After publishing the initial IPMSSG in 2007, few prospective studies are conducted to evaluate the predictive value of such criteria in predicting relapse of the first episode of ADEM to MS. For this to occur, the second episode was defined as nonencephalopathic event with new MRI finding consistent with dissemination in space occurring at least 3 months after the first episode. A second relapse consistent with MS rather than multiphasic ADEM was detected in 2-18%. Of all relapses, 80% occurred with 2 years of the first event [2, 4].

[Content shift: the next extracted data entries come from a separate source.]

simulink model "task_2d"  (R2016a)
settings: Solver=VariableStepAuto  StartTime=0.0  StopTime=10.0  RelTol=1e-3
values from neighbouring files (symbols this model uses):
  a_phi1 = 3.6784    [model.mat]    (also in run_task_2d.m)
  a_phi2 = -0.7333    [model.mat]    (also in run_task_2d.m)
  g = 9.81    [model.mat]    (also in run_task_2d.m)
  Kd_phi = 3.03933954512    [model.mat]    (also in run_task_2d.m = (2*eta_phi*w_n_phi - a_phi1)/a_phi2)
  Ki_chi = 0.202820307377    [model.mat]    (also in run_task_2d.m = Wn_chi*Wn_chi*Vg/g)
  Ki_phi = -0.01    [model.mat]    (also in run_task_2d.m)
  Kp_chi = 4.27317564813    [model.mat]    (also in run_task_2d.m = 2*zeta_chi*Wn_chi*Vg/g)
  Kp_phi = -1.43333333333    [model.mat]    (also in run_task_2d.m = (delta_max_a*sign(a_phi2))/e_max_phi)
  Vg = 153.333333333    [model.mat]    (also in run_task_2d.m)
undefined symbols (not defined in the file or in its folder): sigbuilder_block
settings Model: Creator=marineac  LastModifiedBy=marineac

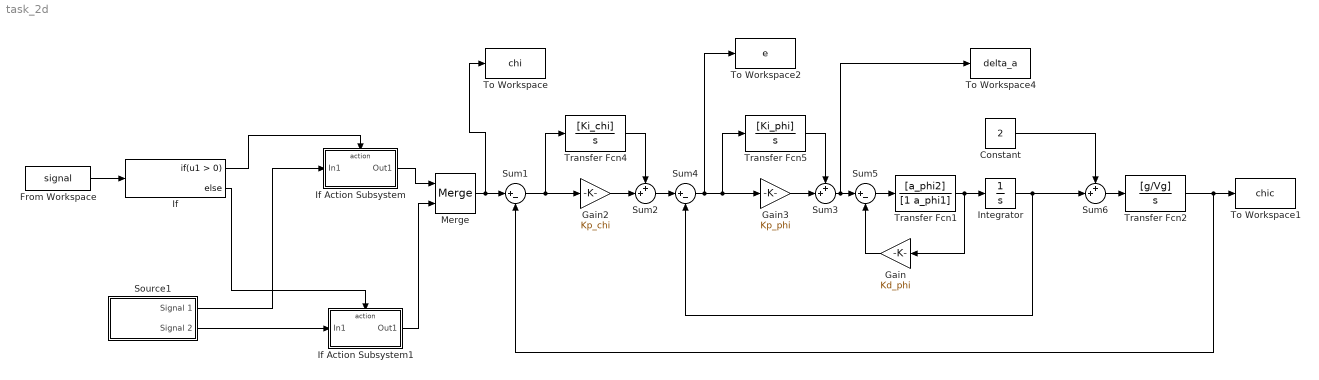
== system task_2d ==
  Constant : Constant  Value=2
  From Workspace : FromWorkspace  VariableName=signal  SampleTime=0
  Gain : Gain  Gain=Kd_phi
  Gain2 : Gain  Gain=Kp_chi
  Gain3 : Gain  Gain=Kp_phi
  If : If
  If Action Subsystem : Subsystem  TreatAsAtomicUnit=on
  If Action Subsystem1 : Subsystem  TreatAsAtomicUnit=on
  Integrator : Integrator
  Merge : Merge
  Source1 : Subsystem  Tag=STV Subsys  LoadFcn=sigbuilder_block('load');  StartFcn=sigbuilder_block('start');  StopFcn=sigbuilder_block('stop');  ClipboardFcn=sigbuilder_block('clipboard');  mask(Sigbuilder block){}
      mask help: Simulink:masks:SigbuilderBlock_MD
      mask init:
      | if ~strcmp(get_param(bdroot(gcbh),'SimulationStatus'),'stopped') tuvar = sigbuilder_block('maskInit'); end
      settings: CopyFcn=sigbuilder_block('copy');  DeleteFcn=sigbuilder_block('delete');  ModelCloseFcn=sigbuilder_block('modelClose');  PreSaveFcn=sigbuilder_block('preSave');  PauseFcn=sigbuilder_block('pause');  ContinueFcn=sigbuilder_block('continue');  NameChangeFcn=sigbuilder_block('namechange');  OpenFcn=sigbuilder_block('open',[45.75 30.75 891 673.5 ]);  CloseFcn=sigbuilder_block('close');
      mask Display: plot(0, 0, 100, 100,[2, 2, 32, 32, 2], [68, 8, 8, 68, 68],[32, 2], [38, 38], [32, 19, 2],[53, 60, 44], [32, 17, 17, 2],[16, 16, 31, 31]);txt = getActiveGroup(gcbh);text(2, 100, txt,'verticalAlignment', 'top');
  Sum1 : Sum  Inputs=|+-
  Sum2 : Sum  Inputs=++|
  Sum3 : Sum  Inputs=++|
  Sum4 : Sum  Inputs=|+-
  Sum5 : Sum  Inputs=|+-
  Sum6 : Sum  Inputs=++|
  To Workspace : ToWorkspace  VariableName=chi  SaveFormat=Timeseries  SampleTime=-1
  To Workspace1 : ToWorkspace  VariableName=chic  SaveFormat=Timeseries  SampleTime=-1
  To Workspace2 : ToWorkspace  VariableName=e  SaveFormat=Timeseries  SampleTime=-1
  To Workspace4 : ToWorkspace  VariableName=delta_a  SaveFormat=Timeseries  SampleTime=-1
  Transfer Fcn1 : TransferFcn  Numerator=[a_phi2]  Denominator=[1 a_phi1]
  Transfer Fcn2 : TransferFcn  Numerator=[g/Vg]  Denominator=[1 0]
  Transfer Fcn4 : TransferFcn  Numerator=[Ki_chi]  Denominator=[1 0]
  Transfer Fcn5 : TransferFcn  Numerator=[Ki_phi]  Denominator=[1 0]
  wires:
  Sum1/1 -> Gain2/1, Transfer Fcn4/1
  Transfer Fcn4/1 -> Sum2/1
  Gain2/1 -> Sum2/2
  Transfer Fcn5/1 -> Sum3/1
  Gain3/1 -> Sum3/2
  Sum2/1 -> Sum4/1
  Sum4/1 -> To Workspace2/1, Transfer Fcn5/1, Gain3/1
  Sum3/1 -> To Workspace4/1, Sum5/1
  Transfer Fcn1/1 -> Gain/1, Integrator/1
  Gain/1 -> Sum5/2
  Transfer Fcn2/1 -> To Workspace1/1, Sum1/2
  If Action Subsystem1/1(Out1) -> Merge/2
  Merge/1 -> To Workspace/1, Sum1/1
  If Action Subsystem/1(Out1) -> Merge/1
  Source1/2(Signal 2) -> If Action Subsystem1/1(In1)
  Source1/1(Signal 1) -> If Action Subsystem/1(In1)
  If/2 -> If Action Subsystem1/Action
  From Workspace/1 -> If/1
  If/1 -> If Action Subsystem/Action
  Sum5/1 -> Transfer Fcn1/1
  Integrator/1 -> Sum6/2, Sum4/2
  Constant/1 -> Sum6/1
  Sum6/1 -> Transfer Fcn2/1

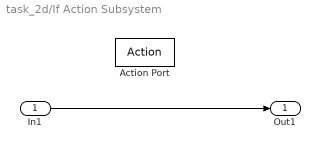
== system task_2d/If Action Subsystem ==
  In1 : Inport
  Action Port : ActionPort  ActionType=then
  Out1 : Outport
  wires:
  In1/1 -> Out1/1

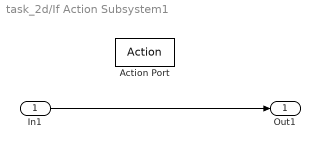
== system task_2d/If Action Subsystem1 ==
  In1 : Inport
  Action Port : ActionPort  ActionType=else
  Out1 : Outport
  wires:
  In1/1 -> Out1/1

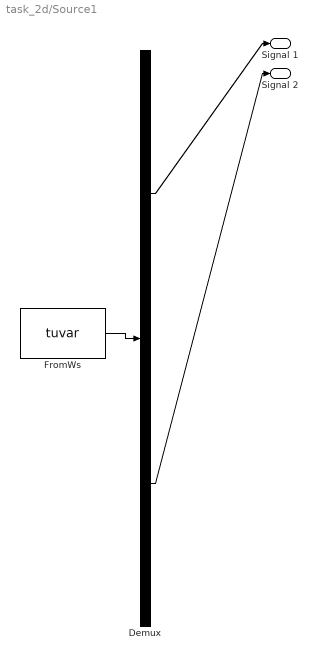
== system task_2d/Source1 ==
  Demux : Demux  Tag=STV Demux  Outputs=2
  FromWs : FromWorkspace  Tag=STV FromWs  VariableName=tuvar  SampleTime=0
      SigBuilderData=|
      | common.afterFinalStr = 'Extrapolate'
      | common.sampleTime = 0
      | dataSet.timeRange = [0 1000]
      | dataSet.name = 'Group 1'
      | sbobj.Groups.Name = 'Group 1'
      | sbobj.Groups.Signals(1).Name = 'Signal 1'
      | sbobj.Groups.Signals(1).XData = [0 201 201 386 386 550 550 700 700 1000]
      | sbobj.Groups.Signals(1).YData = [0 0 2.1 2.1 6.1 6.1 9.9 9.9 15.2 15.2]
      | sbobj.Groups.Signals(2).Name = 'Signal 2'
      | sbobj.Groups.Signals(2).XData = [0 76 86 92 100 116 122 128 136 144 156 226 232 236 242 254 260 262 268 300 414 422 428 434 440 442 450 464 472 478 486 494 500 512 528 661 671 678 684 691 698 704 794 800 806 810 814 826 1000]
      | sbobj.Groups.Signals(2).YData = [0 0 0.6 1.6 3 4.6 4.8 5 5 5 5 4.8 5.2 6.4 8.8 12.2 13.4 13.8 14.6 15.2 14.8 14.8 14.6 14.4 14 13.8 11.4 0.4 -0.2 -0.2 -0.2 -0.2 -0.2 -0.2 -0.4 -1.2 -1.6 -3 -8.4 -10 -10 -10 -10.2 -11.2 -13.6 -14.5 -14.8 -15 -14.5]
      | sbobj.Groups.TimeRange = [0 1000]
  Signal 1 : Outport  Tag=STV Outport
  Signal 2 : Outport  Tag=STV Outport  Port=2
  wires:
  FromWs/1 -> Demux/1
  Demux/1 -> Signal 1/1
  Demux/2 -> Signal 2/1
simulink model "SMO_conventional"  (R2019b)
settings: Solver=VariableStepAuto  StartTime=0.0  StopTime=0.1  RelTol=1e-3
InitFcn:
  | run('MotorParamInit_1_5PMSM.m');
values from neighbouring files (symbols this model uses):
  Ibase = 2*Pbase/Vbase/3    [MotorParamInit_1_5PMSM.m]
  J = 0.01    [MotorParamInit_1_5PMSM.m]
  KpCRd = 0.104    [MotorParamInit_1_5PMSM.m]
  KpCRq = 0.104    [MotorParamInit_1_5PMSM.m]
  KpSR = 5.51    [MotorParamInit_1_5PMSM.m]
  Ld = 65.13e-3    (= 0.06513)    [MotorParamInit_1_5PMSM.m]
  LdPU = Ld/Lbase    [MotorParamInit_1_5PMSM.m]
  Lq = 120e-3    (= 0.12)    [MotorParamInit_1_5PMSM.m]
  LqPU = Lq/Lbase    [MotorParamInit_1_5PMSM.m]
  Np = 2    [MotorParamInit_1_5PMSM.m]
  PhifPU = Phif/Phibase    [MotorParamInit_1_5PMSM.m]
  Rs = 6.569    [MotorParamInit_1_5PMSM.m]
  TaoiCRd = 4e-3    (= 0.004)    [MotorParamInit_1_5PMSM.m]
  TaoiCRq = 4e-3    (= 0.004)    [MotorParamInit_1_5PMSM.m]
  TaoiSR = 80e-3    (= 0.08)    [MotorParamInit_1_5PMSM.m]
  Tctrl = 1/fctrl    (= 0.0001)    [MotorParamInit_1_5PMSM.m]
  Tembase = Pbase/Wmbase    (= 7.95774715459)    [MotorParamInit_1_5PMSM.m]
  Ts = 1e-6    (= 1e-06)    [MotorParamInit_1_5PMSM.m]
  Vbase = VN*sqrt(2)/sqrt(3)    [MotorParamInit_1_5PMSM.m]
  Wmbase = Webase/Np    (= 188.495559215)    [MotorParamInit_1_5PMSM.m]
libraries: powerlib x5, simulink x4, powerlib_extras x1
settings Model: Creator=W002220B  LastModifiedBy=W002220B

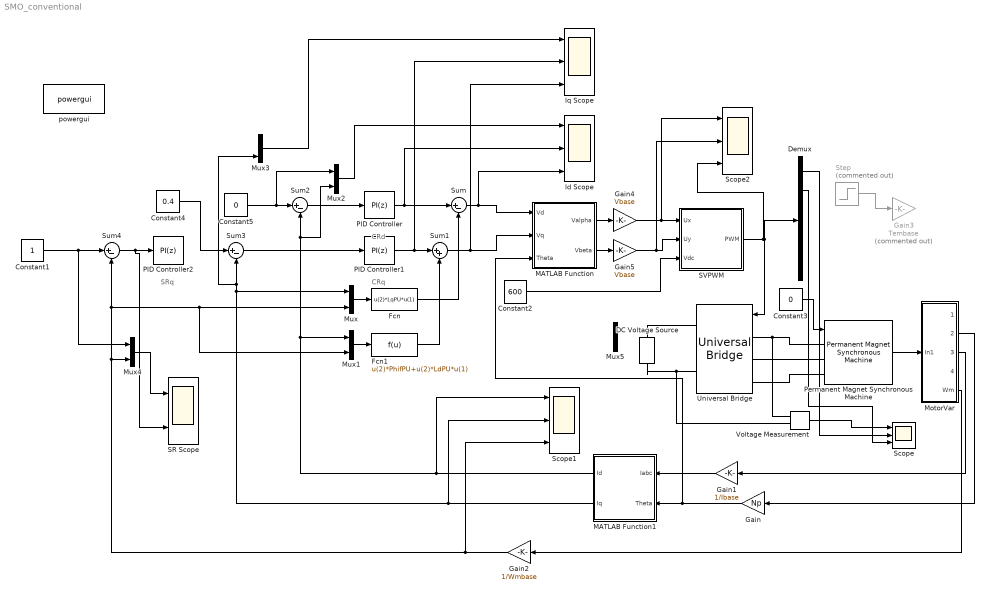
== system SMO_conventional ==
  note: CRd
  note: CRq
  note: SRq
  Constant1 : Constant
  Constant2 : Constant  Value=600
  Constant3 : Constant  Value=0
  Constant4 : Constant  Value=0.4
  Constant5 : Constant  Value=0
  DC Voltage Source : powerlib/Electrical Sources/DC Voltage Source  Amplitude=600  Measurements=None
      settings: SourceProductName=Simscape Electrical
  Demux : Demux  Outputs=6
  Fcn : Fcn  Expr=u(2)*LqPU*u(1)
  Fcn1 : Fcn  Expr=u(2)*PhifPU+u(2)*LdPU*u(1)
  Gain : Gain  Gain=Np
  Gain1 : Gain  Gain=1/Ibase
  Gain2 : Gain  Gain=1/Wmbase
  Gain3 : Gain  Commented=on  Gain=Tembase
  Gain4 : Gain  Gain=Vbase
  Gain5 : Gain  Gain=Vbase
  Id Scope : Scope  NumInputPorts=3
  Iq Scope : Scope  NumInputPorts=3
  MATLAB Function : MATLAB Function  TreatAsAtomicUnit=on
  MATLAB Function1 : MATLAB Function  TreatAsAtomicUnit=on
  MotorVar : Subsystem
  Mux{,1..5} (6 alike) : Mux  Inputs=2
  PID Controller : simulink/Continuous/PID Controller  Controller=PI  Form=Parallel  TimeDomain=Discrete-time  SampleTime=Tctrl  IntegratorMethod=Forward Euler  FilterMethod=Forward Euler  ControllerParametersSource=internal  P=KpCRd  I=KpCRd/TaoiCRd  D=0  UseFilter=on  N=100  TunerSelectOption=Transfer Function Based (PID Tuner App)  InitialConditionSource=internal  InitialConditionForIntegrator=0  InitialConditionForFilter=0  DifferentiatorICPrevScaledInput=0  ExternalReset=none  TrackingMode=off  Kt=1  LimitOutput=on  UpperSaturationLimit=0.5  LowerSaturationLimit=-0.5  LinearizeAsGain=on  AntiWindupMode=clamping  Kb=1  POutMin=[]  POutMax=[]  IOutMin=[]  IOutMax=[]  DOutMin=[]  DOutMax=[]  NOutMin=[]  NOutMax=[]  SumOutMin=[]  SumOutMax=[]  SaturationOutMin=[]  SaturationOutMax=[]  PParamMin=[]  PParamMax=[]  IParamMin=[]  IParamMax=[]  DParamMin=[]  DParamMax=[]  NParamMin=[]  NParamMax=[]  KbParamMin=[]  KbParamMax=[]  KtParamMin=[]  KtParamMax=[]  KbOutMin=[]  KbOutMax=[]  KtOutMin=[]  KtOutMax=[]  IntegratorOutMin=[]  IntegratorOutMax=[]  FilterOutMin=[]  FilterOutMax=[]  SumI1OutMin=[]  SumI1OutMax=[]  SumI2OutMin=[]  SumI2OutMax=[]  SumI3OutMin=[]  SumI3OutMax=[]  SumI4OutMin=[]  SumI4OutMax=[]  SumDOutMin=[]  SumDOutMax=[]  DifferentiatorOutMin=[]  DifferentiatorOutMax=[]  FilterDiffOutCoefMin=[]  FilterDiffOutCoefMax=[]  ReciprocalOutMin=[]  ReciprocalOutMax=[]  SumDenOutMin=[]  SumDenOutMax=[]  SumNumOutMin=[]  SumNumOutMax=[]  DivideOutMin=[]  DivideOutMax=[]  IntegratorContinuousStateAttributes=''  IntegratorStateMustResolveToSignalObject=off  IntegratorRTWStateStorageClass=Auto  FilterContinuousStateAttributes=''  FilterStateMustResolveToSignalObject=off  FilterRTWStateStorageClass=Auto  ParallelPVariant=InternalParameters  IdealPVariant=Disabled  IVariant=InternalParameters  DVariant=Disabled  IntegratorVariant=Discrete  SatVariant=Enabled  AWVariant=DiscClampingParallel  PCopyVariant=Disabled  TRVariant=Disabled  FdbkBlocksVariant=Forward  IdealPFdbkVariant=Disabled  SatFdbkVariant=Disabled  DerivativeFilterVariant=Disabled  NVariant=Disabled  NCopyVariant=Disabled_SignalSpec  FilterICVariant=Disabled  IntegratorICVariant=InternalICs  ExternalResetVariant=Disabled  TRSumVariant=Passthrough  SumFdbkVariant=Disabled  SumVariant=Sum_PI
  PID Controller1 : simulink/Continuous/PID Controller  Controller=PI  Form=Parallel  TimeDomain=Discrete-time  SampleTime=Tctrl  IntegratorMethod=Forward Euler  FilterMethod=Forward Euler  ControllerParametersSource=internal  P=KpCRq  I=KpCRq/TaoiCRq  D=0  UseFilter=on  N=100  TunerSelectOption=Transfer Function Based (PID Tuner App)  InitialConditionSource=internal  InitialConditionForIntegrator=0  InitialConditionForFilter=0  DifferentiatorICPrevScaledInput=0  ExternalReset=none  TrackingMode=off  Kt=1  LimitOutput=on  UpperSaturationLimit=0.5  LowerSaturationLimit=-0.5  LinearizeAsGain=on  AntiWindupMode=clamping  Kb=1  POutMin=[]  POutMax=[]  IOutMin=[]  IOutMax=[]  DOutMin=[]  DOutMax=[]  NOutMin=[]  NOutMax=[]  SumOutMin=[]  SumOutMax=[]  SaturationOutMin=[]  SaturationOutMax=[]  PParamMin=[]  PParamMax=[]  IParamMin=[]  IParamMax=[]  DParamMin=[]  DParamMax=[]  NParamMin=[]  NParamMax=[]  KbParamMin=[]  KbParamMax=[]  KtParamMin=[]  KtParamMax=[]  KbOutMin=[]  KbOutMax=[]  KtOutMin=[]  KtOutMax=[]  IntegratorOutMin=[]  IntegratorOutMax=[]  FilterOutMin=[]  FilterOutMax=[]  SumI1OutMin=[]  SumI1OutMax=[]  SumI2OutMin=[]  SumI2OutMax=[]  SumI3OutMin=[]  SumI3OutMax=[]  SumI4OutMin=[]  SumI4OutMax=[]  SumDOutMin=[]  SumDOutMax=[]  DifferentiatorOutMin=[]  DifferentiatorOutMax=[]  FilterDiffOutCoefMin=[]  FilterDiffOutCoefMax=[]  ReciprocalOutMin=[]  ReciprocalOutMax=[]  SumDenOutMin=[]  SumDenOutMax=[]  SumNumOutMin=[]  SumNumOutMax=[]  DivideOutMin=[]  DivideOutMax=[]  IntegratorContinuousStateAttributes=''  IntegratorStateMustResolveToSignalObject=off  IntegratorRTWStateStorageClass=Auto  FilterContinuousStateAttributes=''  FilterStateMustResolveToSignalObject=off  FilterRTWStateStorageClass=Auto  ParallelPVariant=InternalParameters  IdealPVariant=Disabled  IVariant=InternalParameters  DVariant=Disabled  IntegratorVariant=Discrete  SatVariant=Enabled  AWVariant=DiscClampingParallel  PCopyVariant=Disabled  TRVariant=Disabled  FdbkBlocksVariant=Forward  IdealPFdbkVariant=Disabled  SatFdbkVariant=Disabled  DerivativeFilterVariant=Disabled  NVariant=Disabled  NCopyVariant=Disabled_SignalSpec  FilterICVariant=Disabled  IntegratorICVariant=InternalICs  ExternalResetVariant=Disabled  TRSumVariant=Passthrough  SumFdbkVariant=Disabled  SumVariant=Sum_PI
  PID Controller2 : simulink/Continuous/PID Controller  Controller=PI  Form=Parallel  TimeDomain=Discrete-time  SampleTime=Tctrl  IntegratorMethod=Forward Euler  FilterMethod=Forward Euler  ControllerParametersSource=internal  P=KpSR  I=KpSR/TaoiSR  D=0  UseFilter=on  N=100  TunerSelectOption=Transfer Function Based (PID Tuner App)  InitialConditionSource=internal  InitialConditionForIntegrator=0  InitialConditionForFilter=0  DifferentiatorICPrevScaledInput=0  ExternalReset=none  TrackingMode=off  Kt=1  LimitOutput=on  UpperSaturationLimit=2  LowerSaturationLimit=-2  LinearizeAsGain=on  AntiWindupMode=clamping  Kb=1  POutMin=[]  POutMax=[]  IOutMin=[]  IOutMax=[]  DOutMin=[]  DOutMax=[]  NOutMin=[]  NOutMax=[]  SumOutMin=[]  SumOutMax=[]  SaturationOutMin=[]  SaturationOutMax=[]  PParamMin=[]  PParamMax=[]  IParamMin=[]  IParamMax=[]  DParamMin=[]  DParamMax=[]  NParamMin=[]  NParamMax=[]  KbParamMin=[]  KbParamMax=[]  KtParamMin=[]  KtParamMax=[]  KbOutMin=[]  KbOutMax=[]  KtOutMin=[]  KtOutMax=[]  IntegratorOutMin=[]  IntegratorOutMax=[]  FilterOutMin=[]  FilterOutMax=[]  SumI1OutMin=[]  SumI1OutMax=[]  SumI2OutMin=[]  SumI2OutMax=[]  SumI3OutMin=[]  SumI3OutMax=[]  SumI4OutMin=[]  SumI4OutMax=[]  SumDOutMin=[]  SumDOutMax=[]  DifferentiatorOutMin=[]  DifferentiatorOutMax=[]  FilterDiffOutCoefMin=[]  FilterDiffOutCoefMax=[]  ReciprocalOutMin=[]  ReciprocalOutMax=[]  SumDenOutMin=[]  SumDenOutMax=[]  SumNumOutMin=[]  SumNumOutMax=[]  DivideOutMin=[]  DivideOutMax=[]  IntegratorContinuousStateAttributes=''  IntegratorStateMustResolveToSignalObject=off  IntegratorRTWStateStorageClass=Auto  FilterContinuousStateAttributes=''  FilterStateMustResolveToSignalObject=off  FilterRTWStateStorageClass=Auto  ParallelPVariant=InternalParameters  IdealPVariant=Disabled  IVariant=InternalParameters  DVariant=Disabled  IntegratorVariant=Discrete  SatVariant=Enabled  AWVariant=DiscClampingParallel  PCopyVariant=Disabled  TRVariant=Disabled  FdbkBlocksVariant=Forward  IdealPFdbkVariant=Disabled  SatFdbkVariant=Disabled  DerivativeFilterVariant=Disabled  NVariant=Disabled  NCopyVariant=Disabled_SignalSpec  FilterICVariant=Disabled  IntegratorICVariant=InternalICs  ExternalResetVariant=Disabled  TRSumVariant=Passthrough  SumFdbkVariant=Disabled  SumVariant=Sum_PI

Acute hemorrhagic leukoencephalitis (AHLE) is rare variant of ADEM (< 2%) commonly presenting with fever, neck stiffness, seizures, and/or focal neurological deficits following upper respiratory infection with more rapid progression within days leading to coma and death in some cases due to increased cerebral edema and herniation if untreated urgently. It is considered the most aggressive of all demyelinating diseases. Areas of hemorrhage and necrosis along a massive white matter involvement are evident on the MRI. Many cases are diagnosed on postmortem autopsy [7].